Here's one, by American Woodworker I found a while back. It's free and has pretty good instructions.


----------



## North40

@ *Jerry * - the problems with most fixed-base-with-through-table-adjustment routers are:
1) You still have to reach underneath to clamp/unclamp the base
2) Setting the clamp usually moves the router some amount, wrecking any precision set-ups

They're better than nothing, but I don't know of any that compare favorably to a lift.

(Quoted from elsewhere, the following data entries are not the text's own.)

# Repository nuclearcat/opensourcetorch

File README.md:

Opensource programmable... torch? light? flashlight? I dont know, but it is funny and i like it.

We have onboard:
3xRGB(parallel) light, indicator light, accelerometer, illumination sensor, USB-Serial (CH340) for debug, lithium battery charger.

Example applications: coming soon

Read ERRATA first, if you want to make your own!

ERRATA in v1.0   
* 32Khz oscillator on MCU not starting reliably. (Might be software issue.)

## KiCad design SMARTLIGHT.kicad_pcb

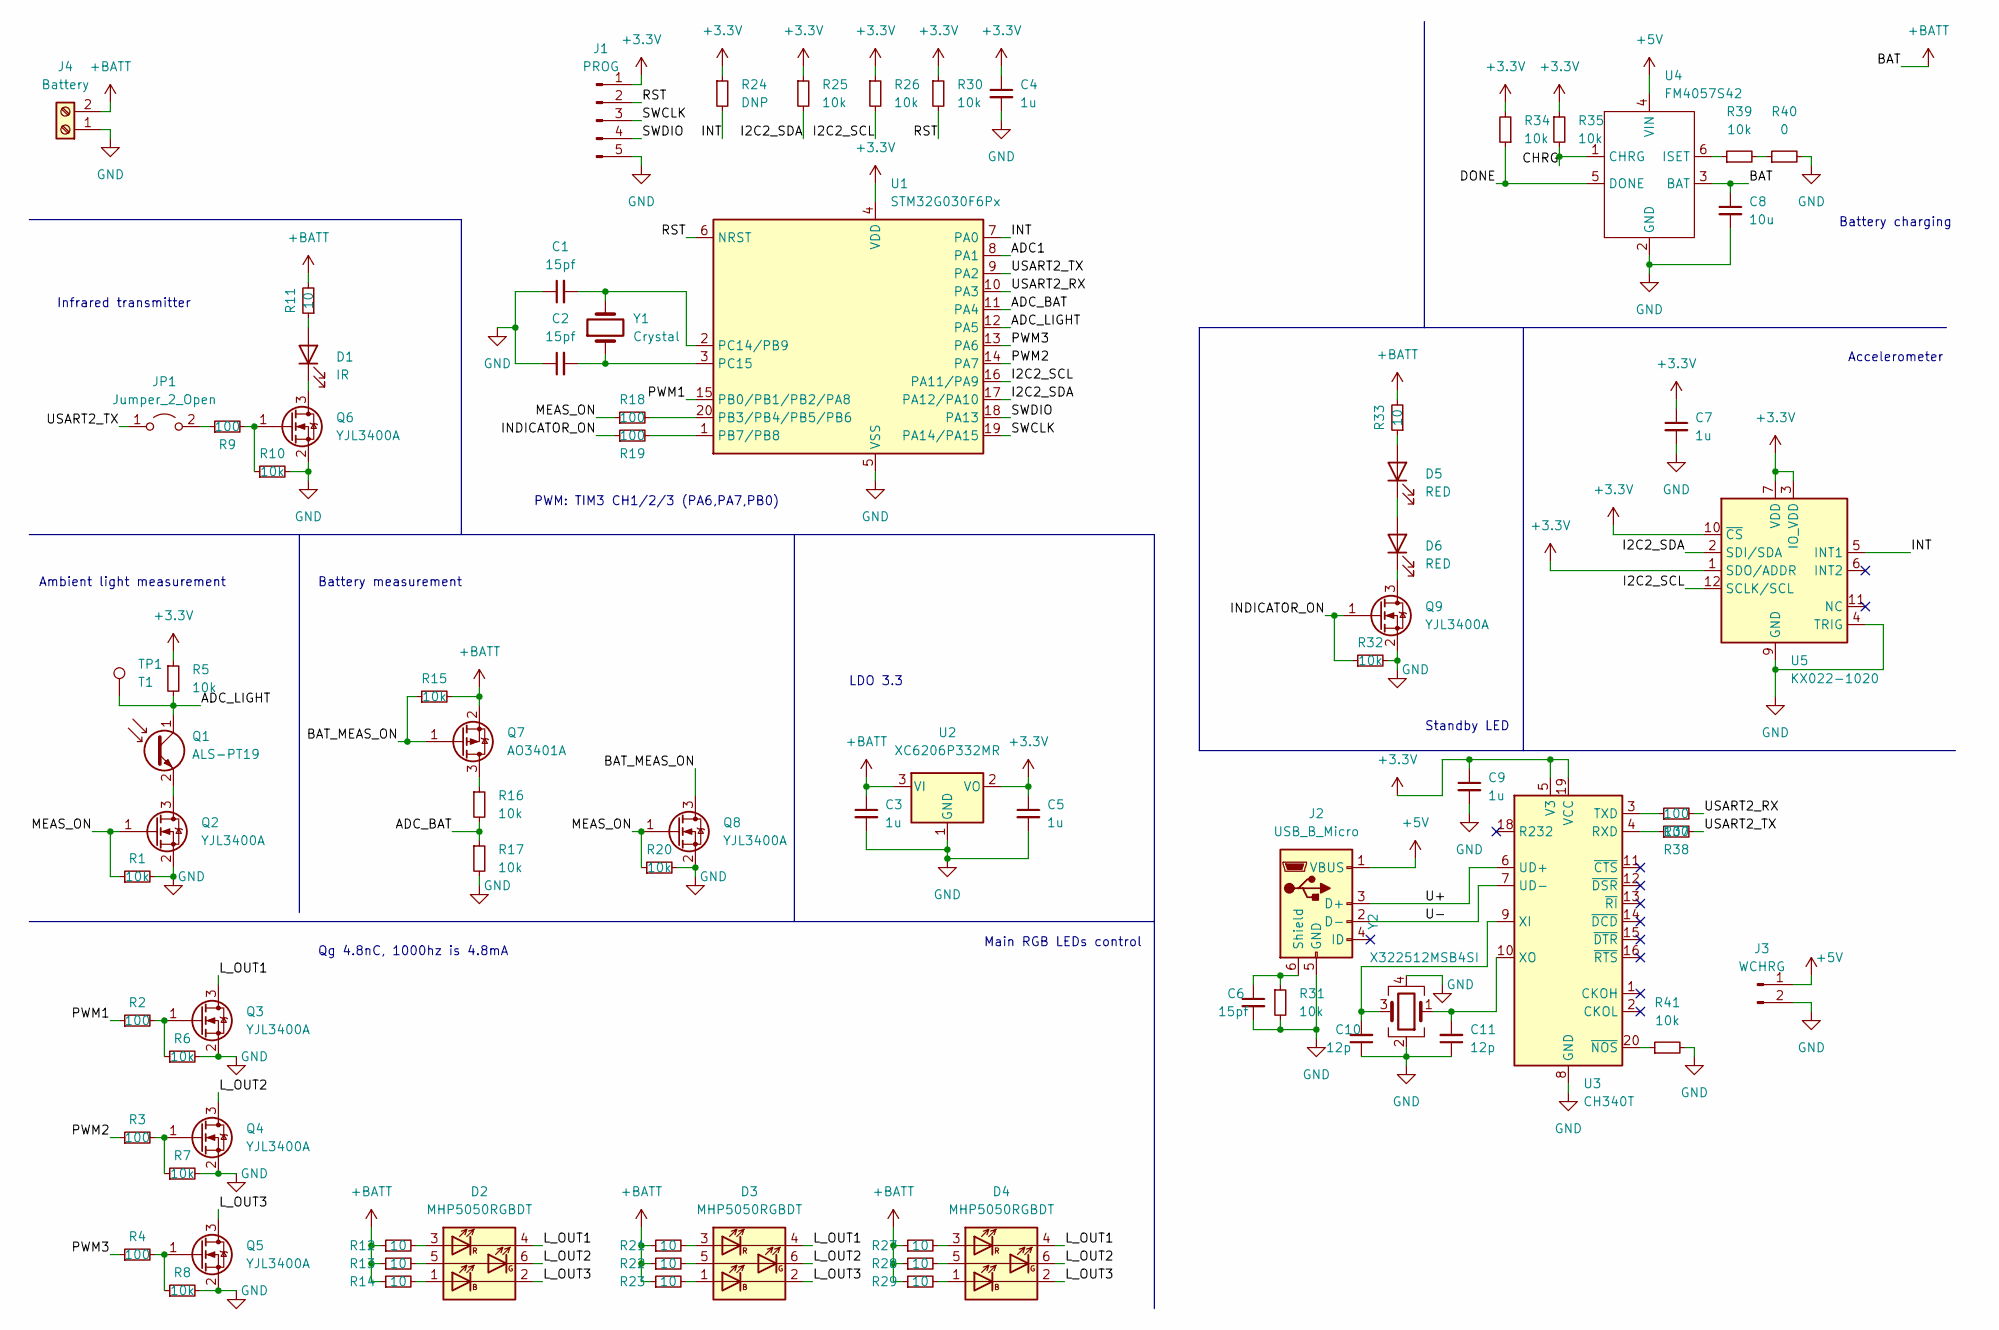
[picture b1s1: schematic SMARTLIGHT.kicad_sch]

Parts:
C1, C2, C6: 15pf; C_0603_1608Metric; LCSC PN C1644
C3, C4, C5, C7, C9: 1u; C_0603_1608Metric; LCSC PN C15849
C8: 10u; C_0603_1608Metric; LCSC PN C19702
C10, C11: 12p; C_0603_1608Metric; LCSC PN C38523
D1: IR; PinHeader_1x02_P2.54mm_Vertical
D2, D3, D4: MHP5050RGBDT; LCSC PN C409780
D5, D6: RED; LED_0805_2012Metric; LCSC PN C138549
J1: PROG; PinHeader_1x05_P2.54mm_Vertical
J2: USB_B_Micro; USB_Micro-B_Amphenol_10118194_Horizontal; LCSC PN C132563
J3: WCHRG; PinHeader_1x02_P2.54mm_Vertical
J4: Battery; PinHeader_1x02_P2.54mm_Vertical
JP1: Jumper_2_Open; PinHeader_1x02_P2.54mm_Vertical
Q1: ALS-PT19; LCSC PN C146233
Q2, Q3, Q4, Q5, Q6, Q8, Q9: YJL3400A; SOT-23; LCSC PN C699302
Q7: AO3401A; SOT-23; LCSC PN C15127
R1, R5, R6, R7, R8, R10, R15, R16, R17, R20, R25, R26, R30, R31, R32, R34, R35, R39, R41: 10k; R_0603_1608Metric; LCSC PN C25804
R2, R3, R4, R9, R18, R19, R37, R38: 100; R_0603_1608Metric; LCSC PN C22775
R11, R12, R13, R14, R21, R22, R23, R27, R28, R29, R33: 10; R_0603_1608Metric; LCSC PN C22859
R24: DNP; R_0603_1608Metric
R40: 0; R_0603_1608Metric; LCSC PN C21189
TP1: T1; TestPoint_Keystone_5000-5004_Miniature
U1: STM32G030F6Px; TSSOP-20_4.4x6.5mm_P0.65mm; LCSC PN C529330
U2: XC6206P332MR; SOT-23; LCSC PN C5446
U3: CH340T; SSOP-20_5.3x7.2mm_P0.65mm; LCSC PN C8689
U4: FM4057S42; SOT-23-6; LCSC PN C841287
U5: KX022-1020; LGA-12_2x2mm_P0.5mm; LCSC PN C694095
Y1: Crystal; Crystal_SMD_3215-2Pin_3.2x1.5mm; LCSC PN C32346
Y2: X322512MSB4SI; Oscillator_SMD_SeikoEpson_SG8002CE-4Pin_3.2x2.5mm; LCSC PN C9002

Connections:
+3V3: C4.1, C5.1, C7.1, C9.1, J1.1, R5.1, R24.1, R25.1, R26.1, R30.1, R34.2, R35.1, U1.4 (VDD), U2.2 (VO), U3.5 (V3), U3.19 (VCC), U5.1 (SDO/ADDR), U5.3 (IO_VDD), U5.7 (VDD), U5.10 (~CS)
+5V: J2.1 (VBUS), J3.1, U4.4 (VIN)
+BATT: C3.1, C8.1, J4.2, Q7.2 (S), R11.2, R12.1, R13.1, R14.1, R15.2, R21.1, R22.1, R23.1, R27.1, R28.1, R29.1, R33.2, U2.3 (VI), U4.3 (BAT)
/ADC1: U1.8 (PA1)
/ADC_BAT: R16.2, R17.1, U1.11 (PA4)
/ADC_LIGHT: Q1.1 (C), R5.2, TP1.1, U1.12 (PA5)
/BAT_MEAS_ON: Q7.1 (G), Q8.3 (D), R15.1
/CHRG: R35.2, U4.1 (CHRG)
/DONE: R34.1, U4.5 (DONE)
/I2C2_SCL: R26.2, U1.16 (PA11/PA9), U5.12 (SCLK/SCL)
/I2C2_SDA: R25.2, U1.17 (PA12/PA10), U5.2 (SDI/SDA)
/INDICATOR_ON: Q9.1 (G), R19.1, R32.1
/INT: R24.2, U1.7 (PA0), U5.5 (INT1)
/L_OUT1: D2.4 (KR), D3.4 (KR), D4.4 (KR), Q3.3 (D)
/L_OUT2: D2.6 (KR), D3.6 (KR), D4.6 (KR), Q4.3 (D)
/L_OUT3: D2.2 (KB), D3.2 (KB), D4.2 (KB), Q5.3 (D)
/MEAS_ON: Q2.1 (G), Q8.1 (G), R1.1, R18.1, R20.1
/PWM1: R2.1, U1.15 (PB0/PB1/PB2/PA8)
/PWM2: R3.1, U1.14 (PA7)
/PWM3: R4.1, U1.13 (PA6)
/RST: J1.2, R30.2, U1.6 (NRST)
/SWCLK: J1.3, U1.19 (PA14/PA15)
/SWDIO: J1.4, U1.18 (PA13)
/U+: J2.3 (D+), U3.6 (UD+)
/U-: J2.2 (D-), U3.7 (UD-)
/USART2_RX: R37.2, U1.10 (PA3)
/USART2_TX: JP1.1 (A), R38.2, U1.9 (PA2)
GND: C1.1, C2.1, C3.2, C4.2, C5.2, C6.2, C7.2, C8.2, C9.2, C10.1, C11.1, J1.5, J2.5 (GND), J3.2, J4.1, Q2.2 (S), Q3.2 (S), Q4.2 (S), Q5.2 (S), Q6.2 (S), Q8.2 (S), Q9.2 (S), R1.2, R6.2, R7.2, R8.2, R10.2, R17.2, R20.2, R31.2, R32.2, R40.2, R41.2, U1.5 (VSS), U2.1 (GND), U3.8 (GND), U4.2 (GND), U5.4 (TRIG), U5.8 (GND), U5.9 (GND), Y2.2, Y2.4
unnamed: C1.2, U1.2 (PC14/PB9), Y1.2
unnamed: C2.2, U1.3 (PC15), Y1.1
unnamed: C6.1, J2.6 (Shield), R31.1
unnamed: C10.2, U3.9 (XI), Y2.3
unnamed: C11.2, U3.10 (XO), Y2.1
unnamed: D1.1 (K), Q6.3 (D)
unnamed: D1.2 (A), R11.1
unnamed: D2.1 (AB), R14.2
unnamed: D2.3 (AR), R12.2
unnamed: D2.5 (AG), R13.2
unnamed: D3.1 (AB), R23.2
unnamed: D3.3 (AR), R21.2
unnamed: D3.5 (AG), R22.2
unnamed: D4.1 (AB), R29.2
unnamed: D4.3 (AR), R27.2
unnamed: D4.5 (AG), R28.2
unnamed: D5.1 (K), D6.2 (A)
unnamed: D5.2 (A), R33.1
unnamed: D6.1 (K), Q9.3 (D)
unnamed: JP1.2 (B), R9.1
unnamed: Q1.2 (E), Q2.3 (D)
unnamed: Q3.1 (G), R2.2, R6.1
unnamed: Q4.1 (G), R3.2, R7.1
unnamed: Q5.1 (G), R4.2, R8.1
unnamed: Q6.1 (G), R9.2, R10.1
unnamed: Q7.3 (D), R16.1
unnamed: R18.2, U1.20 (PB3/PB4/PB5/PB6)
unnamed: R19.2, U1.1 (PB7/PB8)
unnamed: R37.1, U3.3 (TXD)
unnamed: R38.1, U3.4 (RXD)
unnamed: R39.1, U4.6 (ISET)
unnamed: R39.2, R40.1
unnamed: R41.1, U3.20 (~NOS)

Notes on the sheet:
Ambient light measurement
Infrared transmitter
Accelerometer
Standby LED
PWM: TIM3 CH1/2/3 (PA6,PA7,PB0)
Battery measurement
Qg 4.8nC, 1000hz is 4.8mA
Battery charging
Main RGB LEDs control
LDO 3.3

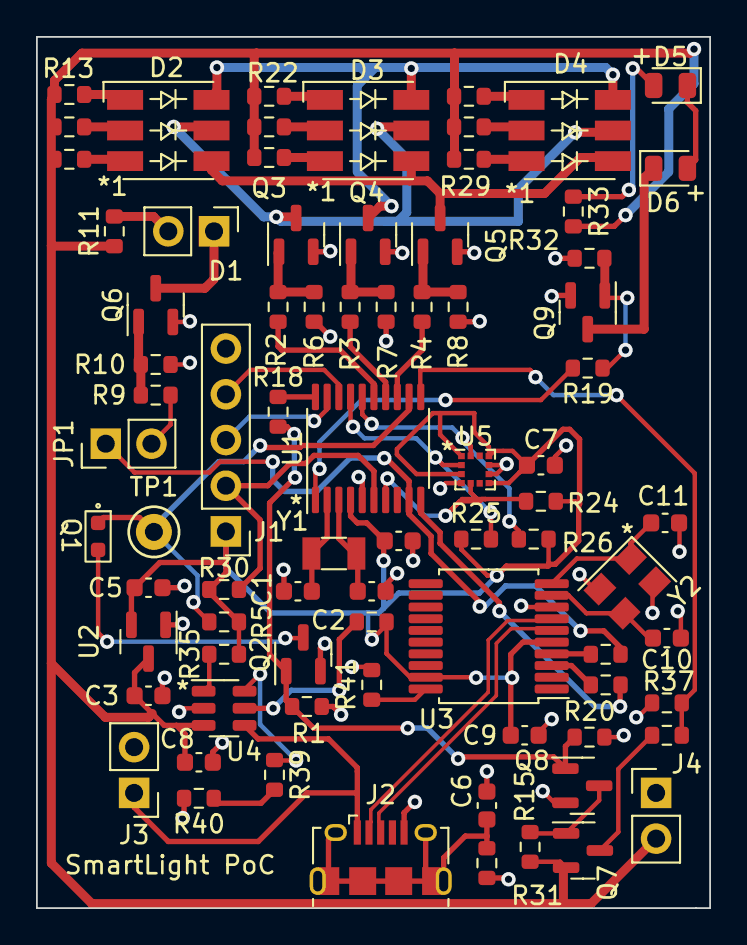
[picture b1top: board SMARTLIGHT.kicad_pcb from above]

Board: 2 copper layers, 37.4 x 48.4 mm, 79 parts (0 on the bottom side), 60 nets.

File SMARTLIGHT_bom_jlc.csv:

"Comment","Designator","Footprint","LCSC Part #"
"15pf","C1,C2,C6","C_0603_1608Metric","C1644"
"1u","C3,C4,C5,C7,C9","C_0603_1608Metric","C15849"
"10u","C8","C_0603_1608Metric","C19702"
"12p","C10,C11","C_0603_1608Metric","C38523"
"MHP5050RGBDT","D2,D3,D4","MHP5050RGBDT","C409780"
"RED","D5,D6","LED_0805_2012Metric","C138549"
"USB_B_Micro","J2","USB_Micro-B_Amphenol_10118194_Horizontal","C132563"
"ALS-PT19","Q1","ALS-PT19","C146233"
"YJL3400A","Q2,Q3,Q4,Q5,Q6,Q8,Q9","SOT-23","C699302"
"AO3401A","Q7","SOT-23","C15127"
"10k","R1,R5,R6,R7,R8,R10,R15,R16,R17,R20,R25,R26,R30,R31,R32,R34,R35,R39,R41","R_0603_1608Metric","C25804"
"100","R2,R3,R4,R9,R18,R19,R37,R38","R_0603_1608Metric","C22775"
"10","R11,R12,R13,R14,R21,R22,R23,R27,R28,R29,R33","R_0603_1608Metric","C22859"
"0","R40","R_0603_1608Metric","C21189"
"STM32G030F6Px","U1","TSSOP-20_4.4x6.5mm_P0.65mm","C529330"
"XC6206P332MR","U2","SOT-23","C5446"
"CH340T","U3","SSOP-20_5.3x7.2mm_P0.65mm","C8689"
"FM4057S42","U4","SOT-23-6","C841287"
"KX022-1020","U5","LGA-12_2x2mm_P0.5mm","C694095"
"Crystal","Y1","Crystal_SMD_3215-2Pin_3.2x1.5mm","C32346"
"X322512MSB4SI","Y2","Oscillator_SMD_SeikoEpson_SG8002CE-4Pin_3.2x2.5mm","C9002"

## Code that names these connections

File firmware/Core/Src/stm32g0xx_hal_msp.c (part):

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    __HAL_RCC_GPIOA_CLK_ENABLE();
    /**ADC1 GPIO Configuration
    PA1     ------> ADC1_IN1
    PA4     ------> ADC1_IN4
    PA5     ------> ADC1_IN5
    */
    GPIO_InitStruct.Pin = GPIO_PIN_1|GPIO_PIN_4|GPIO_PIN_5;
    GPIO_InitStruct.Mode = GPIO_MODE_ANALOG;
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
    /**ADC1 GPIO Configuration
    PA1     ------> ADC1_IN1
    PA4     ------> ADC1_IN4
    PA5     ------> ADC1_IN5
    */
    HAL_GPIO_DeInit(GPIOA, GPIO_PIN_1|GPIO_PIN_4|GPIO_PIN_5);

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
    __HAL_RCC_GPIOA_CLK_ENABLE();
    /**I2C2 GPIO Configuration
    PA11 [PA9]     ------> I2C2_SCL
    PA12 [PA10]     ------> I2C2_SDA
    */
    GPIO_InitStruct.Pin = GPIO_PIN_11|GPIO_PIN_12;
    GPIO_InitStruct.Mode = GPIO_MODE_AF_OD;
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    __HAL_RCC_I2C2_CLK_DISABLE();

    /**I2C2 GPIO Configuration
    PA11 [PA9]     ------> I2C2_SCL
    PA12 [PA10]     ------> I2C2_SDA
    */
    HAL_GPIO_DeInit(GPIOA, GPIO_PIN_11);

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    __HAL_RCC_GPIOA_CLK_ENABLE();
    __HAL_RCC_GPIOB_CLK_ENABLE();
    /**TIM3 GPIO Configuration
    PA6     ------> TIM3_CH1
    PA7     ------> TIM3_CH2
    PB0     ------> TIM3_CH3
    */
    GPIO_InitStruct.Pin = GPIO_PIN_6|GPIO_PIN_7;
    GPIO_InitStruct.Mode = GPIO_MODE_AF_PP;
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
    __HAL_RCC_GPIOA_CLK_ENABLE();
    /**USART2 GPIO Configuration
    PA2     ------> USART2_TX
    PA3     ------> USART2_RX
    */
    GPIO_InitStruct.Pin = GPIO_PIN_2|GPIO_PIN_3;
    GPIO_InitStruct.Mode = GPIO_MODE_AF_PP;
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    __HAL_RCC_USART2_CLK_DISABLE();

    /**USART2 GPIO Configuration
    PA2     ------> USART2_TX
    PA3     ------> USART2_RX
    */
    HAL_GPIO_DeInit(GPIOA, GPIO_PIN_2|GPIO_PIN_3);

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
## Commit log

2022-01-23 Add more information
2022-01-23 Create LICENSE
2022-01-23 Formatting
2022-01-23 Sample code to run
2022-01-23 Accelerometer check
2022-01-23 Working feature
2022-01-24 Add slow glow
2022-01-24 Convert dos2unix

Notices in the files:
firmware/Core/Src/stm32g0xx_hal_msp.c:
Copyright (c) 2022 STMicroelectronics.
All rights reserved.
This software is licensed under terms that can be found in the LICENSE file

@ *MrSam* - You might be able to find a back-issue of ShopNotes #121 on eBay.


----------



## StumpyNubs

When I designed my router lift I chose ball bearing drawer slides instead of the bronze bushings that others use because they run smoother. In my experience building jigs (which is extensive) I have found that bronze bushings tend to bind when used in a linear application. They are intended to be used with the shaft spinning inside them, not sliding up and down. This problem is greatly increased when you try to run more than one either parallel to each other, like in those photo above, or even on the same shaft. It is EXTREMELY difficult to properly align the two so one doesn't bind the other.

I am not saying my design is best. I am just saying I personally don't like bronze bushings for sliding mechanisms.

Whatever you choose, you're going to love having a lift on your router!


----------



## nkawtg

If anyone is interested, I was looking for ShopNotes #121 router lift and found it for sale at http://www.woodsmithplans.com/plan/router-jig-router-lift/

I like this design so I think I'll give it a whirl


----------



## Rayne

+1 on the Shopnotes router lift. The link provided by nkawtg is good as that's where I bought mine from. I also followed through with Steve Ramsey's design on the router table and used the Shopnotes plans for the lift. It was a fun build and am glad I have it as it has expanded my skills dramatically in building and using it. 
http://lumberjocks.com/projects/103597


----------



## jayseedub

I'm just nearing the end of construction of this model from Woodsmith. I do a lot of hobbyist woodworking, and oddly I don't feel like it's terribly "easy." I'm about to mount it to the router plate, and in my pre-assembly testing it seems more solid than I was expecting, though-so that's good.

I can already anticipate the frustration that the 16-per-inch threading is going to cause me when I try to lift the router all the way up to change bits. It's a LOT of spinning-but I do also want that kind of fine-adjustment, so you give and you get….

I'll try to update everyone once it's complete and I can give a full assessment of its functionality.


----------



## controlfreak

I have a Triton router that came with the ability to adjust from above but have never built the table…yet. I even have the mounting plate. It may take years to get a review from me.


----------



## GR8HUNTER

nkawtg said:


> If anyone is interested, I was looking for ShopNotes #121 router lift and found it for sale at Router Jig: Router Lift
> 
> I like this design so I think I'll give it a whirl


that is the one i built and i just *LOVE IT 💗💗💗*


----------



## RonPaul

jayseedub said:


> I'm just nearing the end of construction of this model from Woodsmith. I do a lot of hobbyist woodworking, and oddly I don't feel like it's terribly "easy." I'm about to mount it to the router plate, and in my pre-assembly testing it seems more solid than I was expecting, though-so that's good.
> 
> I can already anticipate the frustration that the 16-per-inch threading is going to cause me when I try to lift the router all the way up to change bits. It's a LOT of spinning-but I do also want that kind of fine-adjustment, so you give and you get….
> 
> I'll try to update everyone once it's complete and I can give a full assessment of its functionality.


Couldn't you use a drill to turn it instead of a ratchet?


----------



## GR8HUNTER

RonPaul said:


> Couldn't you use a drill to turn it instead of a ratchet?


IT turns real easy as you can go whole way around 360 degrees 😁


----------